La ammaliò sin da subito e in men che non si dica, si ritrovò invischiata dei
suoi misteriosi progetti, primo tra tutti: annientare la credibilità di chi l’aveva
ridotta in miseria.
La fortuna tuttavia, le era stata avversa e tutte le sue
azioni avevano portato esiti non desiderati, fino a che lo stesso Signore non
era stato costretto a intervenire personalmente. Non più una missiva era giunta
alla sua porta o comunicazioni segrete che la informassero sul da farsi e
Madame Taròt si era ritrovata di nuovo sola. La sua infatuazione le dava una
certa vergogna, non era più una ragazzina ormai, eppure la sola idea di non
rivedere il volto di quell’uomo non poteva proprio accettarlo; perciò, a
dispetto dei piani, decise di intervenire in prima persona.

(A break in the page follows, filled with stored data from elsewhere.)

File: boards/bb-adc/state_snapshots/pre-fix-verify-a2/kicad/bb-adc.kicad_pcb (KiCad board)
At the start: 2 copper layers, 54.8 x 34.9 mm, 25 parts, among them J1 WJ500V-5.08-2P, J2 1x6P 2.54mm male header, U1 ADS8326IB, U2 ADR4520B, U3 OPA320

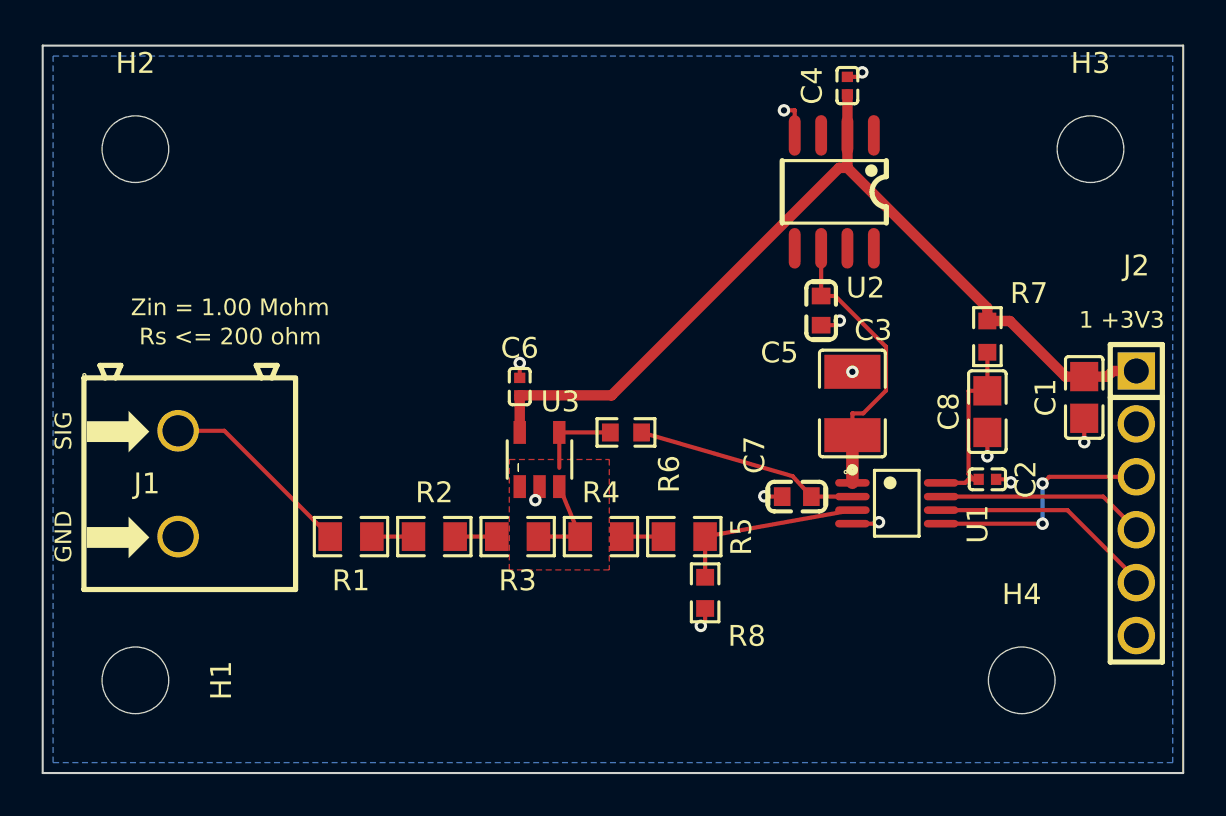
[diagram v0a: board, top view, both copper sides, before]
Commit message: ai-ee bb-adc: verify pass (J1 rotated, guard leakage paths cleared, silk complete)
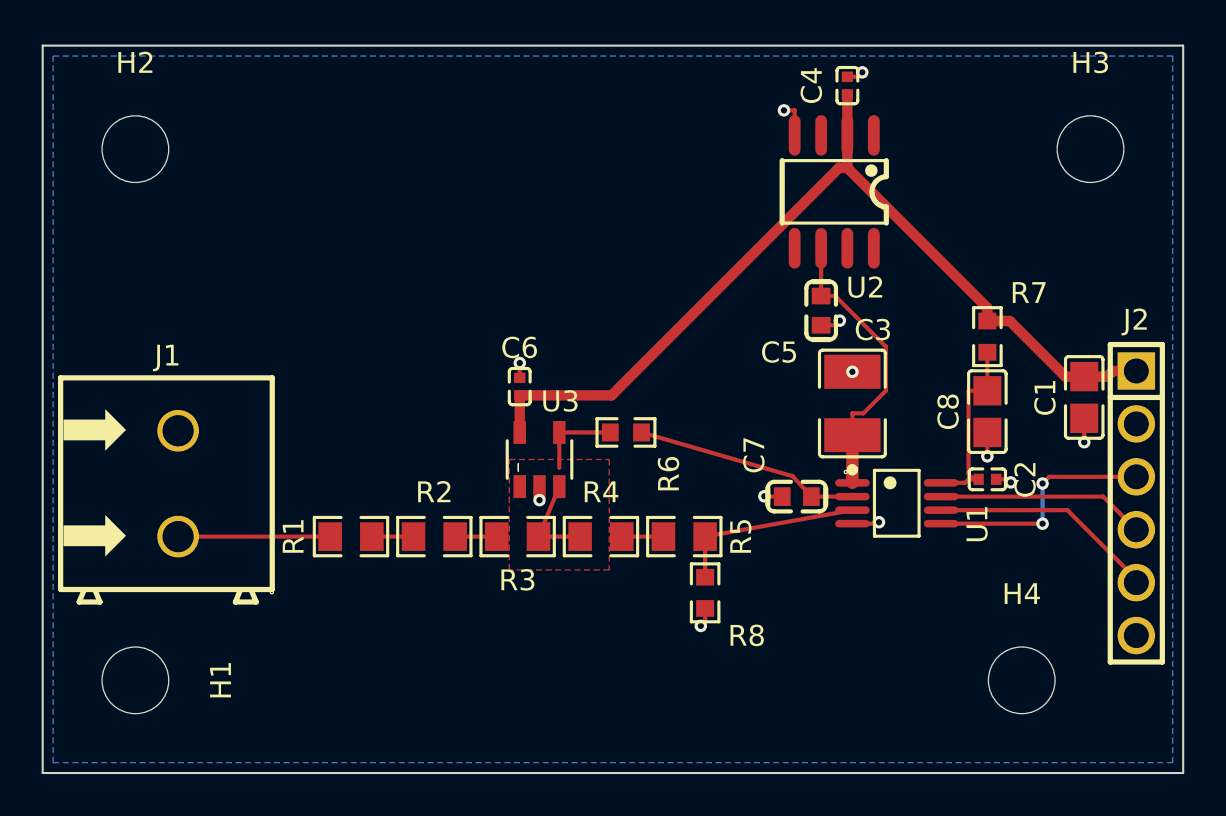
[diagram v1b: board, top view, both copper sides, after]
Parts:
- turned J1 to 90 degrees
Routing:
- net /AIN_RAW: track 9.40 -> 7.30 mm
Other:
- board text removed: "1 +3V3"
- board text removed: "GND"
- board text removed: "Rs <= 200 ohm"
- board text removed: "SIG"
- board text removed: "Zin = 1.00 Mohm"
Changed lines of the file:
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@@
 		(descr "2.54mm 1x6")
 		(property "Reference" "J2"
-			(at -11.4 0 0)
+			(at -8.795 0 0)
 			(layer "F.SilkS")
 			(effects
@@
 		(at 32.8 41.6)
 		(property "Reference" "R1"
-			(at 0 2.1135 0)
+			(at -2.7415 0 90)
 			(layer "F.SilkS")
 			(effects
@@
 		(locked yes)
 		(layer "F.Cu")
-		(at 24.5 39.06 -90)
+		(at 24.5 39.06 90)
 		(descr "WJ500V-5.08-2P")
 		(property "Reference" "J1"
-			(at 0 1.5 0)
+			(at 6.135 -0.5 0)
 			(layer "F.SilkS")
 			(effects
@@
 		)
 		(property "Value" "WJ500V-5.08-2P"
-			(at 0 4 270)
+			(at 0 4 90)
 			(layer "F.Fab")
 			(effects
@@
 		)
 		(property "Datasheet" ""
-			(at 0 0 270)
+			(at 0 0 90)
 			(layer "F.Fab")
 			(hide yes)
@@
 		)
 		(property "Description" ""
-			(at 0 0 270)
+			(at 0 0 90)
 			(layer "F.Fab")
 			(hide yes)
@@
 		)
 		(property "LCSC Part" "C8465"
-			(at 0 0 270)
+			(at 0 0 90)
 			(layer "F.Fab")
 			(hide yes)
@@
 		)
 		(property "LCSC" "C8465"
-			(at 0 0 270)
+			(at 0 0 90)
 			(layer "F.SilkS")
 			(hide yes)
@@
 		)
 		(property "Note" "ANALOG IN 0-5V: 1=SIG (Rs<=200ohm), 2=GND. LEFT edge, opening outward"
-			(at 0 0 270)
+			(at 0 0 90)
 			(layer "F.SilkS")
 			(hide yes)
@@
 		(duplicate_pad_numbers_are_jumpers no)
 		(fp_line
-			(start -5.08 4.52)
-			(end -5.08 -5.64)
+			(start 5.08 -5.64)
+			(end -5.05 -5.64)
 			(stroke
 				(width 0.25)
@@
 		)
 		(fp_line
-			(start 5.08 4.52)
-			(end -5.05 4.52)
+			(start -5.68 -4.75)
+			(end -5.68 -3.75)
 			(stroke
 				(width 0.25)
@@
 		)
 		(fp_line
-			(start 5.08 4.52)
-			(end 5.08 -5.64)
+			(start -5.08 -4.5)
+			(end -5.68 -4.75)
 			(stroke
 				(width 0.25)
@@
 		)
 		(fp_line
-			(start -5.68 3.75)
-			(end -5.08 3.5)
+			(start -5.68 -3.75)
+			(end -5.08 -4)
 			(stroke
 				(width 0.25)
@@
 		)
 		(fp_line
-			(start -5.08 3)
-			(end -5.68 2.75)
+			(start -5.68 2.75)
+			(end -5.68 3.75)
 			(stroke
 				(width 0.25)
@@
 		)
 		(fp_line
-			(start -5.68 2.75)
-			(end -5.68 3.75)
+			(start -5.08 3)
+			(end -5.68 2.75)
 			(stroke
 				(width 0.25)
@@
 		)
 		(fp_line
-			(start -5.68 -3.75)
-			(end -5.08 -4)
+			(start -5.68 3.75)
+			(end -5.08 3.5)
 			(stroke
 				(width 0.25)
@@
 		)
 		(fp_line
-			(start -5.08 -4.5)
-			(end -5.68 -4.75)
+			(start 5.08 4.52)
+			(end 5.08 -5.64)
 			(stroke
 				(width 0.25)
@@
 		)
 		(fp_line
-			(start -5.68 -4.75)
-			(end -5.68 -3.75)
+			(start 5.08 4.52)
+			(end -5.05 4.52)
 			(stroke
 				(width 0.25)
@@
 		)
 		(fp_line
-			(start 5.08 -5.64)
-			(end -5.05 -5.64)
+			(start -5.08 4.52)
+			(end -5.08 -5.64)
 			(stroke
 				(width 0.25)
@@
 		(fp_poly
 			(pts
-				(xy -2.999994 4.379989) (xy -1.999996 4.379989) (xy -1.999996 2.379993) (xy -1.499997 2.379993)
-				(xy -2.499995 1.379995) (xy -3.499993 2.379993) (xy -2.999994 2.379993) (xy -2.999994 4.379989)
+				(xy 2.080006 -5.499989) (xy 3.080004 -5.499989) (xy 3.080004 -3.499993) (xy 3.580003 -3.499993)
+				(xy 2.580005 -2.499995) (xy 1.580007 -3.499993) (xy 2.080006 -3.499993) (xy 2.080006 -5.499989)
 			)
 			(stroke
@@
 		(fp_poly
 			(pts
-				(xy 2.080006 4.379989) (xy 3.080004 4.379989) (xy 3.080004 2.379993) (xy 3.580003 2.379993) (xy 2.580005 1.379995)
-				(xy 1.580007 2.379993) (xy 2.080006 2.379993) (xy 2.080006 4.379989)
+				(xy -2.999994 -5.499989) (xy -1.999996 -5.499989) (xy -1.999996 -3.499993) (xy -1.499997 -3.499993)
+				(xy -2.499995 -2.499995) (xy -3.499993 -3.499993) (xy -2.999994 -3.499993) (xy -2.999994 -5.499989)
 			)
 			(stroke
@@
 		)
 		(fp_line
-			(start -5.21 4.5)
-			(end -5.21 -5.5)
+			(start 5.21 -5.5)
+			(end 5.21 4.5)
 			(stroke
 				(width 0.05)
@@
 		)
 		(fp_line
-			(start 5.21 4.5)
-			(end -5.21 4.5)
+			(start -5.21 -5.5)
+			(end 5.21 -5.5)
 			(stroke
 				(width 0.05)
@@
 		)
 		(fp_line
-			(start -5.21 -5.5)
-			(end 5.21 -5.5)
+			(start 5.21 4.5)
+			(end -5.21 4.5)
 			(stroke
 				(width 0.05)
@@
 		)
 		(fp_line
-			(start 5.21 -5.5)
-			(end 5.21 4.5)
+			(start -5.21 4.5)
+			(end -5.21 -5.5)
 			(stroke
 				(width 0.05)
@@
 		)
 		(fp_circle
-			(center -2.54 0)
-			(end -2.26 0)
+			(center 2.54 0)
+			(end 2.82 0)
 			(stroke
 				(width 0.55)
@@
 		)
 		(fp_circle
-			(center 2.54 0)
-			(end 2.82 0)
+			(center -2.54 0)
+			(end -2.26 0)
 			(stroke
 				(width 0.55)
@@
 		)
 		(fp_text user "${REFERENCE}"
-			(at 0 0 270)
+			(at 0 0 90)
 			(layer "F.Fab")
 			(effects
@@
 		)
 		(pad "1" thru_hole circle
-			(at -2.54 0 90)
+			(at -2.54 0 270)
 			(size 2 2)
 			(drill 1.5)
@@
 		)
 		(pad "2" thru_hole circle
-			(at 2.54 0 90)
+			(at 2.54 0 270)
 			(size 2 2)
 			(drill 1.5)
@@
 		(layer "Edge.Cuts")
 	)
-	(gr_text "Zin = 1.00 Mohm"
-		(at 27 30.6 0)
-		(layer "F.SilkS")
-		(effects
-			(font
-				(size 0.8 0.8)
-				(thickness 0.15)
-			)
-		)
-	)
-	(gr_text "Rs <= 200 ohm"
-		(at 27 32 0)
-		(layer "F.SilkS")
-		(effects
-			(font
-				(size 0.8 0.8)
-				(thickness 0.15)
-			)
-		)
-	)
-	(gr_text "1 +3V3"
-		(at 69.8 31.2 0)
-		(layer "F.SilkS")
-		(effects
-			(font
-				(size 0.8 0.8)
-				(thickness 0.15)
-			)
-		)
-	)
-	(gr_text "SIG"
-		(at 19 36.52 90)
-		(layer "F.SilkS")
-		(effects
-			(font
-				(size 0.8 0.8)
-				(thickness 0.15)
-			)
-		)
-	)
-	(gr_text "GND"
-		(at 19 41.6 90)
-		(layer "F.SilkS")
-		(effects
-			(font
-				(size 0.8 0.8)
-				(thickness 0.15)
-			)
-		)
-	)
 	(segment
 		(start 41.8 41.6)
@@
 	)
 	(segment
-		(start 43.8 41.6)
+		(start 41.8 41.6)
 		(end 42.8 39.2)
 		(width 0.2)
@@
 	)
 	(via
-		(at 40.9 33.2671)
+		(at 41.85 39.85)
 		(size 0.6)
 		(drill 0.3)
@@
 	)
 	(via
-		(at 68 37.0682)
+		(at 40.9 33.2671)
 		(size 0.6)
 		(drill 0.3)
@@
 	)
 	(via
-		(at 41.65 39.85)
+		(at 68 37.0682)
 		(size 0.6)
 		(drill 0.3)
@@
 	)
 	(segment
-		(start 24.5 36.52)
-		(end 26.72 36.52)
-		(width 0.2)
-		(layer "F.Cu")
-		(net "/AIN_RAW")
-	)
-	(segment
-		(start 26.72 36.52)
+		(start 24.5 41.6)
 		(end 31.8 41.6)
 		(width 0.2)

Era stato un gioco da ragazzi introdursi nella dimora del saggio, servendosi delle bambole maledette vincolate ai tre ragazzi. In particolare la bambola della guerriera, che le permise di controllare il corpo della fanciulla, per breve tempo, affinché “dimenticasse” di chiudere la porta della sua stanza. Infine le era bastato spingerla nella stanza del Novizio, lì dove poi avrebbe tenuto occupato il resto del gruppo. L’aver udito della prova finale, inoltre, le diede la migliore delle occasioni per portare a termine il suo folle progetto. Si sarebbe impadronita dell’artefatto e di per sé le sarebbe dovuto bastare, ma i tre ragazzi le avevano portato via la fiducia del suo amato Signore e per questo anche loro avrebbero perso tutto, a cominciare dai loro poteri.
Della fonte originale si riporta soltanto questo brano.